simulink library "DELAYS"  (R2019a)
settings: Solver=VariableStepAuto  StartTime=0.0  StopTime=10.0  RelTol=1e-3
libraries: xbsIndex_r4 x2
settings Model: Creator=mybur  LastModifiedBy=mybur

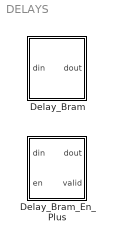
== system DELAYS ==
  Delay_Bram : Subsystem  mask{delay=3, bram_latency=1, bram_primitive="block", use_dsp=off, is_async=off}
      mask prompts: delay "Delay By:"; bram_latency "Bram Latency"; bram_primitive "Bram Primitive"; use_dsp "Use DSP48"; is_async "Asynchronous operation"
      mask init:
      | Simulink.Block.eval([gcb, '/delay_bram']);
      | 
      | delay_bram_subsys2bb_knit();
      mask TypeOptions bram_primitive: "block" | "auto" | "ultra" | "distributed"
      mask DialogControl Desc Prompt: A delay block that uses BRAM for its storage.
  Delay_Bram_En_Plus : Subsystem  mask{delay=2, bram_latency=2, bram_primitive="block"}
      mask prompts: delay "Enabled Delays"; bram_latency "Extra (unenabled) delay for BRAM Latency"; bram_primitive "Bram primitive"
      mask init:
      | Simulink.Block.eval([gcb, '/delay_bram_en_plus']);
      mask TypeOptions bram_primitive: "block" | "distributed" | "ultra" | "auto"
      mask DialogControl DescTextVar Prompt: A delay block that uses BRAM for its storage and only shifts when enabled. However, BRAM latency cannot be enabled, so output appears bram_latency clocks after an enable.

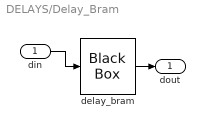
== system DELAYS/Delay_Bram ==
  din : Inport
  delay_bram : xbsIndex_r4/Black Box  init_code=delay_bram_config  sim_method=ISE Simulator  verbose=off  block_type=blackbox2
  dout : Outport
  wires:
  din/1 -> delay_bram/1
  delay_bram/1 -> dout/1

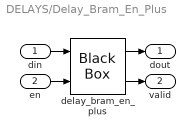
== system DELAYS/Delay_Bram_En_Plus ==
  din : Inport
  en : Inport  Port=2
  delay_bram_en_plus : xbsIndex_r4/Black Box  init_code=delay_bram_en_plus_config  sim_method=ISE Simulator  verbose=off  block_type=blackbox2
  dout : Outport
  valid : Outport  Port=2
  wires:
  delay_bram_en_plus/2 -> valid/1
  delay_bram_en_plus/1 -> dout/1
  din/1 -> delay_bram_en_plus/1
  en/1 -> delay_bram_en_plus/2

= What this task involves =
Output the records exactly, pictures excluded.

= Solved exercise =
simulink library "DELAYS"  (R2019a)
settings: Solver=VariableStepAuto  StartTime=0.0  StopTime=10.0  RelTol=1e-3
libraries: xbsIndex_r4 x2
settings Model: Creator=mybur  LastModifiedBy=mybur

== system DELAYS ==
  Delay_Bram : Subsystem  mask{delay=3, bram_latency=1, bram_primitive="block", use_dsp=off, is_async=off}
      mask prompts: delay "Delay By:"; bram_latency "Bram Latency"; bram_primitive "Bram Primitive"; use_dsp "Use DSP48"; is_async "Asynchronous operation"
      mask init:
      | Simulink.Block.eval([gcb, '/delay_bram']);
      | 
      | delay_bram_subsys2bb_knit();
      mask TypeOptions bram_primitive: "block" | "auto" | "ultra" | "distributed"
      mask DialogControl Desc Prompt: A delay block that uses BRAM for its storage.
  Delay_Bram_En_Plus : Subsystem  mask{delay=2, bram_latency=2, bram_primitive="block"}
      mask prompts: delay "Enabled Delays"; bram_latency "Extra (unenabled) delay for BRAM Latency"; bram_primitive "Bram primitive"
      mask init:
      | Simulink.Block.eval([gcb, '/delay_bram_en_plus']);
      mask TypeOptions bram_primitive: "block" | "distributed" | "ultra" | "auto"
      mask DialogControl DescTextVar Prompt: A delay block that uses BRAM for its storage and only shifts when enabled. However, BRAM latency cannot be enabled, so output appears bram_latency clocks after an enable.

== system DELAYS/Delay_Bram ==
  din : Inport
  delay_bram : xbsIndex_r4/Black Box  init_code=delay_bram_config  sim_method=ISE Simulator  verbose=off  block_type=blackbox2
  dout : Outport
  wires:
  din/1 -> delay_bram/1
  delay_bram/1 -> dout/1

== system DELAYS/Delay_Bram_En_Plus ==
  din : Inport
  en : Inport  Port=2
  delay_bram_en_plus : xbsIndex_r4/Black Box  init_code=delay_bram_en_plus_config  sim_method=ISE Simulator  verbose=off  block_type=blackbox2
  dout : Outport
  valid : Outport  Port=2
  wires:
  delay_bram_en_plus/2 -> valid/1
  delay_bram_en_plus/1 -> dout/1
  din/1 -> delay_bram_en_plus/1
  en/1 -> delay_bram_en_plus/2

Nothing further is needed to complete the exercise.